À l’ère de l’économie numérique, où les biens et services voyagent en un clic, la fiscalité est confrontée à une nouvelle frontière. Les impôts traditionnels, conçus pour un monde d’échanges physiques, peinent à s’adapter à un marché mondial et immatériel. Dans ce contexte, l’Italie et l’Europe ont introduit la fameuse Digital Service Tax (DST), ou taxe sur les services numériques (TSN), un impôt visant à rétablir l’équité fiscale. Cette taxe, souvent appelée « taxe GAFA », n’est pas un droit de douane au sens classique du terme, mais représente une tentative de faire contribuer les géants du web, souvent des multinationales étrangères, aux recettes fiscales des pays où ils génèrent d’énormes profits, même sans présence physique stable.

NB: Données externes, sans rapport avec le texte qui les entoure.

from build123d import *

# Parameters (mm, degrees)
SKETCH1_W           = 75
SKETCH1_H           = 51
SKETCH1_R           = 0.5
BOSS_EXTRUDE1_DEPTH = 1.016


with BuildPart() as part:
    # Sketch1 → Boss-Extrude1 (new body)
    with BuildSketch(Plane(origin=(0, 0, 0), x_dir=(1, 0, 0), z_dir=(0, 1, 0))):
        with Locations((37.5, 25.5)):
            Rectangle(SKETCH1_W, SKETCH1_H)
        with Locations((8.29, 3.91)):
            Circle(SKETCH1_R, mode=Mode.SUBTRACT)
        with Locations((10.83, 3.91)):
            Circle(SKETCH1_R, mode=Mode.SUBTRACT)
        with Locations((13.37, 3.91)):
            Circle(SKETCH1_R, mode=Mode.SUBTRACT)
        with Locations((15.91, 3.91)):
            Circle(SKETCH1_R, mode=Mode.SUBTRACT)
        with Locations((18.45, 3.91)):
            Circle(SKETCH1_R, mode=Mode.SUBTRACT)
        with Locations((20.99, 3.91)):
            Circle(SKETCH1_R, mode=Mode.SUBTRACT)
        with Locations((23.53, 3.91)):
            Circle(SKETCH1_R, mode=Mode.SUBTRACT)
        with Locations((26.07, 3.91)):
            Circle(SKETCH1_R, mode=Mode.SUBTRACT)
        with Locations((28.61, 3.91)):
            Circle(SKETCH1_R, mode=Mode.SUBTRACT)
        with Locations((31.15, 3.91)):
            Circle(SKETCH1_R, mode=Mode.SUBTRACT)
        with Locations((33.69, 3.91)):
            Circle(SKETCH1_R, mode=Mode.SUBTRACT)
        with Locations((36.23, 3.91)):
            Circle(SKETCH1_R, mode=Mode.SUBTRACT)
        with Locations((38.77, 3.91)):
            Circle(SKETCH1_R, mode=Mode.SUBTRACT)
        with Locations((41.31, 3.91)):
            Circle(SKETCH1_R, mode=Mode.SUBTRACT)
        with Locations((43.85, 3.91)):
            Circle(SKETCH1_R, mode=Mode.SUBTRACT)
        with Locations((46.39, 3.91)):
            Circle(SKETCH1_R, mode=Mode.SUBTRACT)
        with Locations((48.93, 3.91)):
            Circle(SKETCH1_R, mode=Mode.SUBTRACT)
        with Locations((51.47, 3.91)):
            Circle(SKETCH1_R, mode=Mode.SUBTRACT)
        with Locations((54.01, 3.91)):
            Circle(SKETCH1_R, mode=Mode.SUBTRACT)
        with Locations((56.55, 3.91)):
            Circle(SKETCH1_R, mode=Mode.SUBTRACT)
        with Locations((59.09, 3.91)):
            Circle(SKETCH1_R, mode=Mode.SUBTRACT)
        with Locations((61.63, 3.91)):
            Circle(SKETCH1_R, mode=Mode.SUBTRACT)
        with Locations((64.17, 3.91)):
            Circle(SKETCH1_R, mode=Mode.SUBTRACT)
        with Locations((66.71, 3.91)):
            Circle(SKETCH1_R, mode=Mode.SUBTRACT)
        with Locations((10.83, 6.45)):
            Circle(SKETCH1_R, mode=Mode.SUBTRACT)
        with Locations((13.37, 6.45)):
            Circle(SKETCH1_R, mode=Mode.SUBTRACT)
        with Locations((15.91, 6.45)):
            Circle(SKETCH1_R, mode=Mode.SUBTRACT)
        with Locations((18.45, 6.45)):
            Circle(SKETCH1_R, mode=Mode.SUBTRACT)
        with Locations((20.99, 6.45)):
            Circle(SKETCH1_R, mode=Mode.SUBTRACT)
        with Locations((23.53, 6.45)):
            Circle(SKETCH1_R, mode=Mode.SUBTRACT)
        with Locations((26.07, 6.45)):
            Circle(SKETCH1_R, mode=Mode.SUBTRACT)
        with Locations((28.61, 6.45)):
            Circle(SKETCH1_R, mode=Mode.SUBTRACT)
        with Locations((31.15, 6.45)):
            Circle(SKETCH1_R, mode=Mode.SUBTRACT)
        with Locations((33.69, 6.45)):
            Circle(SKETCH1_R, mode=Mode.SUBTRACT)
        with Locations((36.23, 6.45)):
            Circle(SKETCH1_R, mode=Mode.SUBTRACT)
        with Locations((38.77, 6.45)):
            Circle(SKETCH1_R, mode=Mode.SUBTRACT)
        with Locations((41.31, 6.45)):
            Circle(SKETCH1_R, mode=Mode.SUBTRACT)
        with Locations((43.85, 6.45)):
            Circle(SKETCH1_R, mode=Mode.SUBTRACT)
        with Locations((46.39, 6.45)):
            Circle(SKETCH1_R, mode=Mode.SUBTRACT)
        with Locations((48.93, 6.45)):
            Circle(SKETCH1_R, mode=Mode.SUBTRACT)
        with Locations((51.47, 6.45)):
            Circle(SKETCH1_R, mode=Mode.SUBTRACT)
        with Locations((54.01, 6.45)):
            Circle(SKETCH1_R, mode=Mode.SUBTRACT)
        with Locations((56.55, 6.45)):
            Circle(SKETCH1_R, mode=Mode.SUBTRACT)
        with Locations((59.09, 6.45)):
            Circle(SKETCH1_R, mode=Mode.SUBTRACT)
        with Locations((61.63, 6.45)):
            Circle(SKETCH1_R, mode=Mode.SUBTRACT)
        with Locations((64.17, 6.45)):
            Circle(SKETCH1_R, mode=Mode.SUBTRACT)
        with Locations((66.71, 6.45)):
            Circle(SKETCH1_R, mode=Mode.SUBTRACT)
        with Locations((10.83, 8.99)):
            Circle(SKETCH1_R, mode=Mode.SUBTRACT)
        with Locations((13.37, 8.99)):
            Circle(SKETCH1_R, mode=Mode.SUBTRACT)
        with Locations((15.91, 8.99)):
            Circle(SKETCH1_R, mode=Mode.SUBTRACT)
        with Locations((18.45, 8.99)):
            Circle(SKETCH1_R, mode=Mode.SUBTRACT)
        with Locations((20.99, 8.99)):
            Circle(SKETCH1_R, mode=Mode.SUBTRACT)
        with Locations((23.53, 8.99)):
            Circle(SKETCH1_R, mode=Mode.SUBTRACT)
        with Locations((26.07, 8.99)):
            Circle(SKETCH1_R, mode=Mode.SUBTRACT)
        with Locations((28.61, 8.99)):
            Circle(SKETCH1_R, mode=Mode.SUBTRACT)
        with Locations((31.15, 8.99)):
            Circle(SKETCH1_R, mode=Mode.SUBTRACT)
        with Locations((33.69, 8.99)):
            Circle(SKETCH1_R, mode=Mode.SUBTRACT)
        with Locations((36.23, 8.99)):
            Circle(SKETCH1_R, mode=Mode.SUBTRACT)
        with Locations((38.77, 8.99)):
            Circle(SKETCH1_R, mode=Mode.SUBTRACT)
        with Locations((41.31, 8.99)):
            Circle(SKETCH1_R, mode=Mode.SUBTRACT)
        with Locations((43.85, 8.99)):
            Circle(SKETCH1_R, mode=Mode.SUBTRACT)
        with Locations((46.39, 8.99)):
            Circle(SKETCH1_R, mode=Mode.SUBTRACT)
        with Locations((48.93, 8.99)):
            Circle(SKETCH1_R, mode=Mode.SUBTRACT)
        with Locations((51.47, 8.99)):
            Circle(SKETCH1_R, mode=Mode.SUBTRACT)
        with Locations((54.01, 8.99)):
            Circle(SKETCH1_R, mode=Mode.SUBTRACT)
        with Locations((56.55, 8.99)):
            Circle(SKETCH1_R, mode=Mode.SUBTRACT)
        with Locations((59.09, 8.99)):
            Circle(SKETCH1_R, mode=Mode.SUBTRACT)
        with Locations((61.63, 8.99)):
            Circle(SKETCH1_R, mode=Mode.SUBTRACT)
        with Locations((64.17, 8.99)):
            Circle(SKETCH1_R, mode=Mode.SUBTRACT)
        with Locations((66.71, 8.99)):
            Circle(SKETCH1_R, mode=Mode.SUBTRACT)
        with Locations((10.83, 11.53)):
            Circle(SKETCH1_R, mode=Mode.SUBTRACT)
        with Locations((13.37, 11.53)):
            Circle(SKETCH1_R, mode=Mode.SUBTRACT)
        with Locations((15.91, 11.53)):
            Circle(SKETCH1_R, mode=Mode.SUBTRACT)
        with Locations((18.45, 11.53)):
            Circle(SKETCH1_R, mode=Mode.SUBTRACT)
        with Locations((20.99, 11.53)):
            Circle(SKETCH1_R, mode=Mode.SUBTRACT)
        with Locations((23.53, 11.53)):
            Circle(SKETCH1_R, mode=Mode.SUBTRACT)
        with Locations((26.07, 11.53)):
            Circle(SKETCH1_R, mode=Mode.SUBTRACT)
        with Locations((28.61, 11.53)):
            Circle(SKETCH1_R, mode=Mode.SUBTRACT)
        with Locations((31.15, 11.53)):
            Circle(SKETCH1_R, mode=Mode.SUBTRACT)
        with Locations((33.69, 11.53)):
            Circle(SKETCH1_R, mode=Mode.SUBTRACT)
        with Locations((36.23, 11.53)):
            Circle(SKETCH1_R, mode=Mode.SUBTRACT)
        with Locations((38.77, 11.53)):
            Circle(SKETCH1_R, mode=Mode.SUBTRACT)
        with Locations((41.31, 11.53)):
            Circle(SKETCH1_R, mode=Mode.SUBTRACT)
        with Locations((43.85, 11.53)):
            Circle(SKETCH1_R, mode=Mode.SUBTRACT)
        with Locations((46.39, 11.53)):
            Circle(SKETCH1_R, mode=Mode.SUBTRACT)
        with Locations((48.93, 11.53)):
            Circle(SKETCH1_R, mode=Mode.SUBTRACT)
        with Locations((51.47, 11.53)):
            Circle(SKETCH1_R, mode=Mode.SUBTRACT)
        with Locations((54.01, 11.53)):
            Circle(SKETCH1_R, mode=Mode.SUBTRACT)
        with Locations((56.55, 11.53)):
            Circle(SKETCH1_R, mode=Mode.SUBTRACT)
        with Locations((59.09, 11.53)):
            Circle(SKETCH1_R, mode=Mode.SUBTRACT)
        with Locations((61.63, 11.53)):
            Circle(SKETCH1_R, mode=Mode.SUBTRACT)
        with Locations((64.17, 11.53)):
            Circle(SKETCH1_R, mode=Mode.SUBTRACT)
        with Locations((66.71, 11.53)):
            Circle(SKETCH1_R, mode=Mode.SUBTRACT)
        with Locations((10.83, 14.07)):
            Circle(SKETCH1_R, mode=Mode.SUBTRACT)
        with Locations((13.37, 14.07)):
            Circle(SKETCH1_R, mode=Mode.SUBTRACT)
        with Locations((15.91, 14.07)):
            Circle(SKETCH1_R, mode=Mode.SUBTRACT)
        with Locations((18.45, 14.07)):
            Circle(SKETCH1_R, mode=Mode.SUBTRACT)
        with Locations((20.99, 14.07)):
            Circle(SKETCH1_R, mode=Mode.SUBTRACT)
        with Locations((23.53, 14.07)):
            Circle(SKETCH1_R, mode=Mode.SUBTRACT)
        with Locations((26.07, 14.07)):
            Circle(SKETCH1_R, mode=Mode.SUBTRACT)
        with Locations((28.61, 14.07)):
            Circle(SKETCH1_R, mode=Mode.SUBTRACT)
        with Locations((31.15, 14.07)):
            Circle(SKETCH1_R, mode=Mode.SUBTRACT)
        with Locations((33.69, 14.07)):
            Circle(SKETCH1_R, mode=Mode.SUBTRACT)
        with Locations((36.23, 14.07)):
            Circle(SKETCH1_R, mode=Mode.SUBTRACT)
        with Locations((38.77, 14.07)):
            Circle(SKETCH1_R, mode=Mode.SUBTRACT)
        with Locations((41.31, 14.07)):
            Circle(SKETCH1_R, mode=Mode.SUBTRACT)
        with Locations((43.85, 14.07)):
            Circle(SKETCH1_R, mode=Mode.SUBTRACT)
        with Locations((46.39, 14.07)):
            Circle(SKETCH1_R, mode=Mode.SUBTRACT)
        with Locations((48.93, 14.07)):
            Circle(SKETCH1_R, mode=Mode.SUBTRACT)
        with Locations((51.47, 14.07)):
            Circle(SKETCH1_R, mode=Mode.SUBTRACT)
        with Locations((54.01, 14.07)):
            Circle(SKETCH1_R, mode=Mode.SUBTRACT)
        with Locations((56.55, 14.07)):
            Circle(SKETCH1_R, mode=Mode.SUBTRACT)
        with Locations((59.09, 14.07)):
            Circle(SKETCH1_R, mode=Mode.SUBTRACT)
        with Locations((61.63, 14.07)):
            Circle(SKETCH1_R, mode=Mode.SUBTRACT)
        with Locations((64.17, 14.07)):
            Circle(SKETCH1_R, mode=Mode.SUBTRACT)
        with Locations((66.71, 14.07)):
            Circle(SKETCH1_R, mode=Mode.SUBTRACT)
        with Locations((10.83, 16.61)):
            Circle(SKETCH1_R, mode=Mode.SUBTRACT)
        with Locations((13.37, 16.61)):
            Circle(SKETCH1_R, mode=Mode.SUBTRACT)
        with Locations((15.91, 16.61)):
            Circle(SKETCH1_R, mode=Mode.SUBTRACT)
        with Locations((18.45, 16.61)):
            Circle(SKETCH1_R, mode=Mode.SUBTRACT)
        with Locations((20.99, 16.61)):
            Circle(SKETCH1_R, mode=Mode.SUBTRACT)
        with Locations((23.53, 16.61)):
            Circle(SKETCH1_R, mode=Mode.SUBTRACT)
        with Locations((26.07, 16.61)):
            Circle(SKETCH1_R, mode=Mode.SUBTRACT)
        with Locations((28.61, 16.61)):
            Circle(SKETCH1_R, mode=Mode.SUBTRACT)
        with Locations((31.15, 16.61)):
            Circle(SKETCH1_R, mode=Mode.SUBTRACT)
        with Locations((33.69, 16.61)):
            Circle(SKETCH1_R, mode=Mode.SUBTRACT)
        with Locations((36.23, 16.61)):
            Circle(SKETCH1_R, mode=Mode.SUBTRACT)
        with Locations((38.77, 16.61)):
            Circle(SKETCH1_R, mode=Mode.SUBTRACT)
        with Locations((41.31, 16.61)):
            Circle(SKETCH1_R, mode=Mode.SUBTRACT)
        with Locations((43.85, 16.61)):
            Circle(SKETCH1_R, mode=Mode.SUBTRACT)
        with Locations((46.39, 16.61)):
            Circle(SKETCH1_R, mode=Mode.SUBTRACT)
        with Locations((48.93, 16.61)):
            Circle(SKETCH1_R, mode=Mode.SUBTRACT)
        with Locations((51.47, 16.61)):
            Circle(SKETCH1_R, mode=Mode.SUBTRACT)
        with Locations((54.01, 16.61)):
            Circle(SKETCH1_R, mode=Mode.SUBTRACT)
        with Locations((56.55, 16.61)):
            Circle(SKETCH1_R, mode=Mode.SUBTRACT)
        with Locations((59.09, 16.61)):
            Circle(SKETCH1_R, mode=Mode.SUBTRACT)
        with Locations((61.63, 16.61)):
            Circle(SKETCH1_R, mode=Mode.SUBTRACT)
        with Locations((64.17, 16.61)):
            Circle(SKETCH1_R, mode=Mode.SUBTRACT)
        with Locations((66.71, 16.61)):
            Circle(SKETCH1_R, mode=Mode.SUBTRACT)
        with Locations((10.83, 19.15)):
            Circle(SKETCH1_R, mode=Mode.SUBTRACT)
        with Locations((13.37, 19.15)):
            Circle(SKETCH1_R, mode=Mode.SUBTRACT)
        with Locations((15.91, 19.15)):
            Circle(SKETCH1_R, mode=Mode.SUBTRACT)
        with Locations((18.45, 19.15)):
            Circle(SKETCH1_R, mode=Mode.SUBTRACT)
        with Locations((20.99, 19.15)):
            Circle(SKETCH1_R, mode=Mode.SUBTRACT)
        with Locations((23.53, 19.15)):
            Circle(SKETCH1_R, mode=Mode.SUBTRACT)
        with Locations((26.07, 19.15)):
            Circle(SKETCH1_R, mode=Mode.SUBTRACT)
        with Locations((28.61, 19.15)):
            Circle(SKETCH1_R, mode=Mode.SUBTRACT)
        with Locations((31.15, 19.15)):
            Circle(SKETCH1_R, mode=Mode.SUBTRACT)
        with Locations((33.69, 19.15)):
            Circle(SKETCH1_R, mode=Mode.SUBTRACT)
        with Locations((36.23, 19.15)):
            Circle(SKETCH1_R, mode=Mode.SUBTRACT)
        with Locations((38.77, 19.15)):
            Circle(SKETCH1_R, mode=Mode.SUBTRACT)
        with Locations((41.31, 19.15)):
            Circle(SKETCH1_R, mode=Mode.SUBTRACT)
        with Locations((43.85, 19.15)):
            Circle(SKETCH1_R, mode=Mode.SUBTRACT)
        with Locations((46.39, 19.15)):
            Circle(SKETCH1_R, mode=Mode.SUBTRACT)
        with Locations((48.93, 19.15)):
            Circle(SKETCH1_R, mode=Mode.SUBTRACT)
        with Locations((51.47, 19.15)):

La question est complexe et touche de près notre vie quotidienne. Chaque fois que nous utilisons un moteur de recherche, interagissons sur un réseau social ou achetons sur une plateforme de e-commerce, nous contribuons à créer de la valeur pour les grandes entreprises technologiques. La taxe sur le numérique vise précisément à imposer cette valeur, générée grâce à notre participation. L’objectif est noble : garantir que les multinationales du numérique paient leur juste part d’impôts, tout comme les entreprises traditionnelles. Mais quelles sont les implications pour les consommateurs finaux ? Le coût de cette taxe risque-t-il d’être répercuté sur les utilisateurs, se traduisant par une augmentation des abonnements ou des prix des services que nous utilisons quotidiennement ?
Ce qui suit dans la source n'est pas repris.